Lopatin pampers and indulges himself, but without getting complacent, and when he steps out of his comfort zone, it's always for essential moves, on tiptoe, in an electric car, without causing a fuss.
We find the minimal elements of novelty in the first record (it's a double LP): an unprecedented use of drum machine, functional for digestion in mainstream electronic rotations, a nobility obligation as a leading name of Warp straddling the decades (the latest, opaque, elephantine releases under the Autechre brand should have decreed this); a timid approach to chart-topping black music, so far outside the very white pantone of Lopatin.
Here's No Nightmares, a nocturnal ballad that establishes the alliance with The Weeknd, twin of destiny, diegetic counterpart in the musical commentary to the jewel Uncut Gems, which purrs seductively with a vocoder a reassuring and morbid lullaby. Here, for the first time on the record, Lopatin's voice rises, echoing Roland synth overdubs mimicking a soprano in a swirling ascent: the trademark. If Oldani's sectarianism permits, we would gladly hear it on The Vibe.

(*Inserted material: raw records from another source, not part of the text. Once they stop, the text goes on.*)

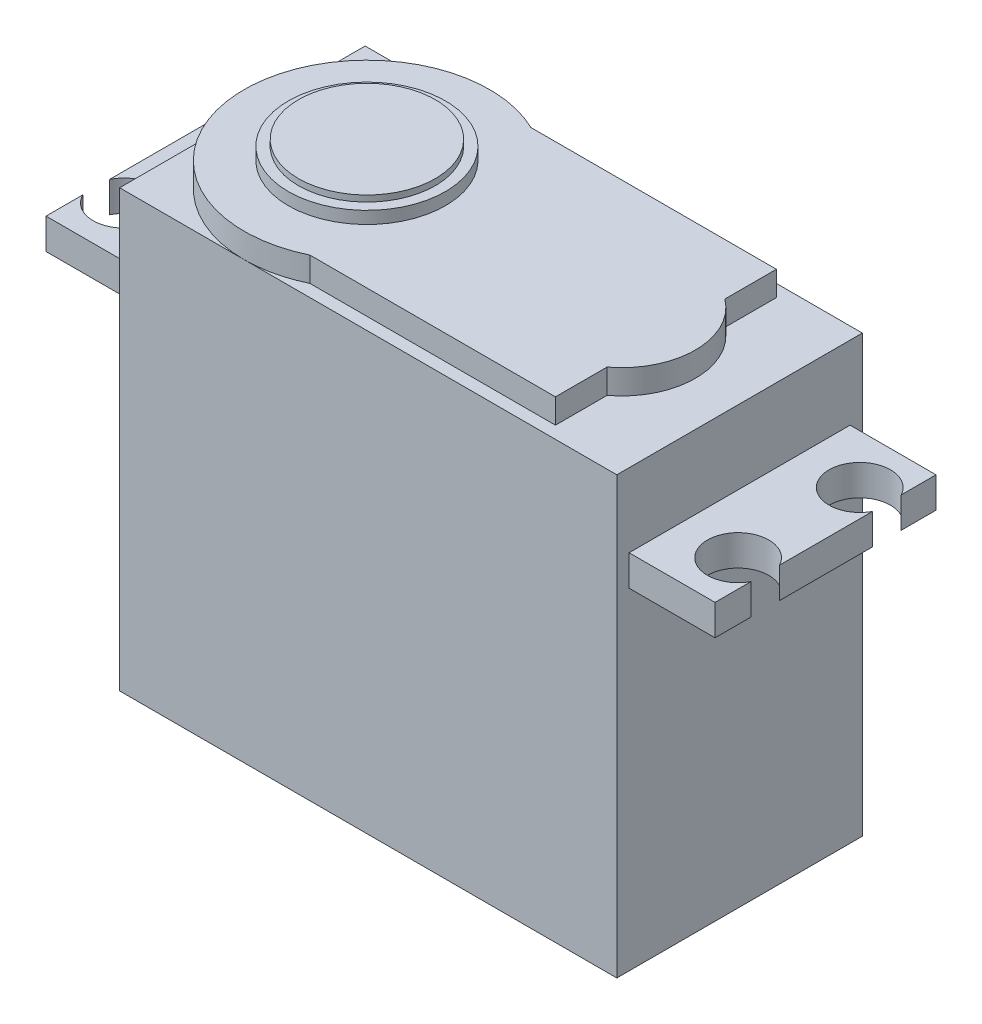
ISO-10303-21;
HEADER;
FILE_DESCRIPTION(('STEP AP214'),'2;1');
FILE_NAME('part.step','',(''),(''),'','','');
FILE_SCHEMA(('AUTOMOTIVE_DESIGN { 1 0 10303 214 1 1 1 1 }'));
ENDSEC;
DATA;
#1=APPLICATION_CONTEXT('core data for automotive mechanical design processes');
#2=APPLICATION_PROTOCOL_DEFINITION('international standard','automotive_design',2000,#1);
#3=PRODUCT_CONTEXT('',#1,'mechanical');
#4=PRODUCT('Part','Part','',(#3));
#5=PRODUCT_RELATED_PRODUCT_CATEGORY('part','',(#4));
#6=PRODUCT_DEFINITION_FORMATION('','',#4);
#7=PRODUCT_DEFINITION_CONTEXT('part definition',#1,'design');
#8=PRODUCT_DEFINITION('design','',#6,#7);
#9=PRODUCT_DEFINITION_SHAPE('','',#8);
#10=(LENGTH_UNIT() NAMED_UNIT(*) SI_UNIT(.MILLI.,.METRE.));
#11=(NAMED_UNIT(*) PLANE_ANGLE_UNIT() SI_UNIT($,.RADIAN.));
#12=(NAMED_UNIT(*) SI_UNIT($,.STERADIAN.) SOLID_ANGLE_UNIT());
#13=UNCERTAINTY_MEASURE_WITH_UNIT(LENGTH_MEASURE(1.E-05),#10,'distance_accuracy_value','');
#14=(GEOMETRIC_REPRESENTATION_CONTEXT(3) GLOBAL_UNCERTAINTY_ASSIGNED_CONTEXT((#13)) GLOBAL_UNIT_ASSIGNED_CONTEXT((#10,
#11,#12)) REPRESENTATION_CONTEXT('',''));
#15=CARTESIAN_POINT('',(0.,0.,0.));
#16=DIRECTION('',(0.,0.,1.));
#17=DIRECTION('',(1.,0.,0.));
#18=AXIS2_PLACEMENT_3D('',#15,#16,#17);
#19=CARTESIAN_POINT('',(27.25,27.,-6.25));
#20=DIRECTION('',(1.,0.,0.));
#21=DIRECTION('',(0.,0.,-1.));
#22=AXIS2_PLACEMENT_3D('',#19,#20,#21);
#23=PLANE('',#22);
#24=DIRECTION('',(0.,1.,0.));
#25=VECTOR('',#24,1.);
#26=CARTESIAN_POINT('',(27.25,26.96,3.74107253444669));
#27=LINE('',#26,#25);
#28=CARTESIAN_POINT('',(27.25,27.,3.74107253444669));
#29=VERTEX_POINT('',#28);
#30=CARTESIAN_POINT('',(27.25,29.5,3.74107253444668));
#31=VERTEX_POINT('',#30);
#32=EDGE_CURVE('E50',#29,#31,#27,.T.);
#33=ORIENTED_EDGE('',*,*,#32,.F.);
#34=DIRECTION('',(0.,0.,-1.));
#35=VECTOR('',#34,1.);
#36=CARTESIAN_POINT('',(27.25,27.,-6.25));
#37=LINE('',#36,#35);
#38=CARTESIAN_POINT('',(27.25,27.,-3.83507253444689));
#39=VERTEX_POINT('',#38);
#40=EDGE_CURVE('E254',#29,#39,#37,.T.);
#41=ORIENTED_EDGE('',*,*,#40,.T.);
#42=DIRECTION('',(0.,1.,0.));
#43=VECTOR('',#42,1.);
#44=CARTESIAN_POINT('',(27.25,26.96,-3.83507253444689));
#45=LINE('',#44,#43);
#46=CARTESIAN_POINT('',(27.25,29.5,-3.83507253444689));
#47=VERTEX_POINT('',#46);
#48=EDGE_CURVE('E319',#39,#47,#45,.T.);
#49=ORIENTED_EDGE('',*,*,#48,.T.);
#50=DIRECTION('',(0.,0.,-1.));
#51=VECTOR('',#50,1.);
#52=CARTESIAN_POINT('',(27.25,29.5,0.));
#53=LINE('',#52,#51);
#54=EDGE_CURVE('E234',#31,#47,#53,.T.);
#55=ORIENTED_EDGE('',*,*,#54,.F.);
#56=EDGE_LOOP('',(#33,#41,#49,#55));
#57=FACE_BOUND('',#56,.T.);
#58=ADVANCED_FACE('F35',(#57),#23,.T.);
#59=DIRECTION('',(0.,1.,0.));
#60=VECTOR('',#59,1.);
#61=CARTESIAN_POINT('',(27.25,26.96,-6.1649274655531));
#62=LINE('',#61,#60);
#63=CARTESIAN_POINT('',(27.25,27.,-6.1649274655531));
#64=VERTEX_POINT('',#63);
#65=CARTESIAN_POINT('',(27.25,29.5,-6.1649274655531));
#66=VERTEX_POINT('',#65);
#67=EDGE_CURVE('E58',#64,#66,#62,.T.);
#68=ORIENTED_EDGE('',*,*,#67,.F.);
#69=CARTESIAN_POINT('',(27.25,27.,-9.));
#70=VERTEX_POINT('',#69);
#71=EDGE_CURVE('E255',#64,#70,#37,.T.);
#72=ORIENTED_EDGE('',*,*,#71,.T.);
#73=DIRECTION('',(0.,1.,0.));
#74=VECTOR('',#73,1.);
#75=CARTESIAN_POINT('',(27.25,27.,-9.));
#76=LINE('',#75,#74);
#77=CARTESIAN_POINT('',(27.25,29.5,-9.));
#78=VERTEX_POINT('',#77);
#79=EDGE_CURVE('E252',#70,#78,#76,.T.);
#80=ORIENTED_EDGE('',*,*,#79,.T.);
#81=EDGE_CURVE('E236',#66,#78,#53,.T.);
#82=ORIENTED_EDGE('',*,*,#81,.F.);
#83=EDGE_LOOP('',(#68,#72,#80,#82));
#84=FACE_BOUND('',#83,.T.);
#85=ADVANCED_FACE('F336',(#84),#23,.T.);
#86=CARTESIAN_POINT('',(-27.25,27.,0.));
#87=DIRECTION('',(1.,0.,0.));
#88=DIRECTION('',(0.,0.,-1.));
#89=AXIS2_PLACEMENT_3D('',#86,#87,#88);
#90=PLANE('',#89);
#91=DIRECTION('',(0.,0.,-1.));
#92=VECTOR('',#91,1.);
#93=CARTESIAN_POINT('',(-27.25,27.,0.));
#94=LINE('',#93,#92);
#95=CARTESIAN_POINT('',(-27.25,27.,3.81627526411505));
#96=VERTEX_POINT('',#95);
#97=CARTESIAN_POINT('',(-27.25,27.,-3.91027526411485));
#98=VERTEX_POINT('',#97);
#99=EDGE_CURVE('E273',#96,#98,#94,.T.);
#100=ORIENTED_EDGE('',*,*,#99,.F.);
#101=DIRECTION('',(0.,1.,0.));
#102=VECTOR('',#101,1.);
#103=CARTESIAN_POINT('',(-27.25,26.96,3.81627526411505));
#104=LINE('',#103,#102);
#105=CARTESIAN_POINT('',(-27.25,29.5,3.81627526411505));
#106=VERTEX_POINT('',#105);
#107=EDGE_CURVE('E307',#96,#106,#104,.T.);
#108=ORIENTED_EDGE('',*,*,#107,.T.);
#109=DIRECTION('',(0.,0.,-1.));
#110=VECTOR('',#109,1.);
#111=CARTESIAN_POINT('',(-27.25,29.5,0.));
#112=LINE('',#111,#110);
#113=CARTESIAN_POINT('',(-27.25,29.5,-3.91027526411485));
#114=VERTEX_POINT('',#113);
#115=EDGE_CURVE('E264',#106,#114,#112,.T.);
#116=ORIENTED_EDGE('',*,*,#115,.T.);
#117=DIRECTION('',(0.,1.,0.));
#118=VECTOR('',#117,1.);
#119=CARTESIAN_POINT('',(-27.25,26.96,-3.91027526411484));
#120=LINE('',#119,#118);
#121=EDGE_CURVE('E301',#114,#98,#120,.F.);
#122=ORIENTED_EDGE('',*,*,#121,.T.);
#123=EDGE_LOOP('',(#100,#108,#116,#122));
#124=FACE_BOUND('',#123,.T.);
#125=ADVANCED_FACE('F490',(#124),#90,.F.);
#126=CARTESIAN_POINT('',(-27.25,27.,-6.08972473588515));
#127=VERTEX_POINT('',#126);
#128=CARTESIAN_POINT('',(-27.25,27.,-9.));
#129=VERTEX_POINT('',#128);
#130=EDGE_CURVE('E274',#127,#129,#94,.T.);
#131=ORIENTED_EDGE('',*,*,#130,.F.);
#132=DIRECTION('',(0.,1.,0.));
#133=VECTOR('',#132,1.);
#134=CARTESIAN_POINT('',(-27.25,26.96,-6.08972473588515));
#135=LINE('',#134,#133);
#136=CARTESIAN_POINT('',(-27.25,29.5,-6.08972473588515));
#137=VERTEX_POINT('',#136);
#138=EDGE_CURVE('E296',#127,#137,#135,.T.);
#139=ORIENTED_EDGE('',*,*,#138,.T.);
#140=CARTESIAN_POINT('',(-27.25,29.5,-9.));
#141=VERTEX_POINT('',#140);
#142=EDGE_CURVE('E265',#137,#141,#112,.T.);
#143=ORIENTED_EDGE('',*,*,#142,.T.);
#144=DIRECTION('',(0.,1.,0.));
#145=VECTOR('',#144,1.);
#146=CARTESIAN_POINT('',(-27.25,27.,-9.));
#147=LINE('',#146,#145);
#148=EDGE_CURVE('E243',#129,#141,#147,.T.);
#149=ORIENTED_EDGE('',*,*,#148,.F.);
#150=EDGE_LOOP('',(#131,#139,#143,#149));
#151=FACE_BOUND('',#150,.T.);
#152=ADVANCED_FACE('F518',(#151),#90,.F.);
#153=CARTESIAN_POINT('',(-20.25,35.5,10.));
#154=DIRECTION('',(1.,0.,0.));
#155=DIRECTION('',(0.,0.,-1.));
#156=AXIS2_PLACEMENT_3D('',#153,#154,#155);
#157=PLANE('',#156);
#158=DIRECTION('',(0.,0.,1.));
#159=VECTOR('',#158,1.);
#160=CARTESIAN_POINT('',(-20.25,0.,10.));
#161=LINE('',#160,#159);
#162=CARTESIAN_POINT('',(-20.25,0.,-10.));
#163=VERTEX_POINT('',#162);
#164=CARTESIAN_POINT('',(-20.25,0.,10.));
#165=VERTEX_POINT('',#164);
#166=EDGE_CURVE('E409',#163,#165,#161,.T.);
#167=ORIENTED_EDGE('',*,*,#166,.T.);
#168=DIRECTION('',(0.,-1.,0.));
#169=VECTOR('',#168,1.);
#170=CARTESIAN_POINT('',(-20.25,35.5,10.));
#171=LINE('',#170,#169);
#172=CARTESIAN_POINT('',(-20.25,35.5,10.));
#173=VERTEX_POINT('',#172);
#174=EDGE_CURVE('E440',#173,#165,#171,.T.);
#175=ORIENTED_EDGE('',*,*,#174,.F.);
#176=DIRECTION('',(0.,0.,1.));
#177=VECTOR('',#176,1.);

And I Don’t Love Me Anymore, a boom bap, a less coherent but no less suggestive episode of the lot, crossing the century to bring the melancholy fire to the 2000s (some say they hear Salem, some even MGMT, some Crystal Castles), only to destabilize with the microtonal dissonances of a memory that distorts, always emotional. To temper the unprecedented cues, there are the usual oriental particles, remnants of a never cleared affinity for Sakamoto.
The style remains more or less unchanged, the poetics of sound fragments to erect angular and crystalline structures intact, heterotopias with waste materials as load-bearing walls. Thus, the inevitable Eccojam sounds as one would expect from yet another variation on the 16bit Sega Genesis theme of sea and dolphins, and the second record, having fulfilled the duties of a lyrical electronic superstar, moves nimbly like Ecco in a sea of deconstructed signifiers: his sea, the usual signifiers, the usual deconstructions. Lost But Never Alone plunges Carpenter's dystopias into depths of epic tackiness as deep as they are (the guitar solo is an eye-patch nugget); Tales From The Trash Stratum resumes the thread of the discourse on the virtuous skit, the skit elevated to song form, to art form; Imago and The Whether Channel feed the lo-fi cult for new generations from the 24h relaxing beat for studying YouTube channel, but warp it with bouts of white noise with ruthless realism, freeing it from any possibility of application; Wave Idea is ambient according to Lopatin: an inaccessible place of cuckoo clocks, singing birds, and flutes, disrupted by electric discharges and unsustainable plastic echoes.
For Magic OPN, the narrative pretext is an analog radio listening session, with its interferences, its jingles, the application of sound to power. An expedient as old as End Of The Century, which Lopatin reworks with a play of reality levels and focalizations that reposition the listener and the radio with a cubist touch: one will realize they have listened simultaneously to the transmission, the production, the sound context that contains the transmission, what contains the production, and have barely noticed the shifts from point to point in the universe, so subtle and refined is the delocalizing technique, now customary.
A record of confirmation rather than transition. Without the nervous peaks of Garden Of Delete, without the shocks of R Plus Seven (but the porngenesis of the pandemic in the video of Long Road Home is noted), or the virtuosity of Age Of, but with a pop sensitivity in potential that arouses curiosity for the future.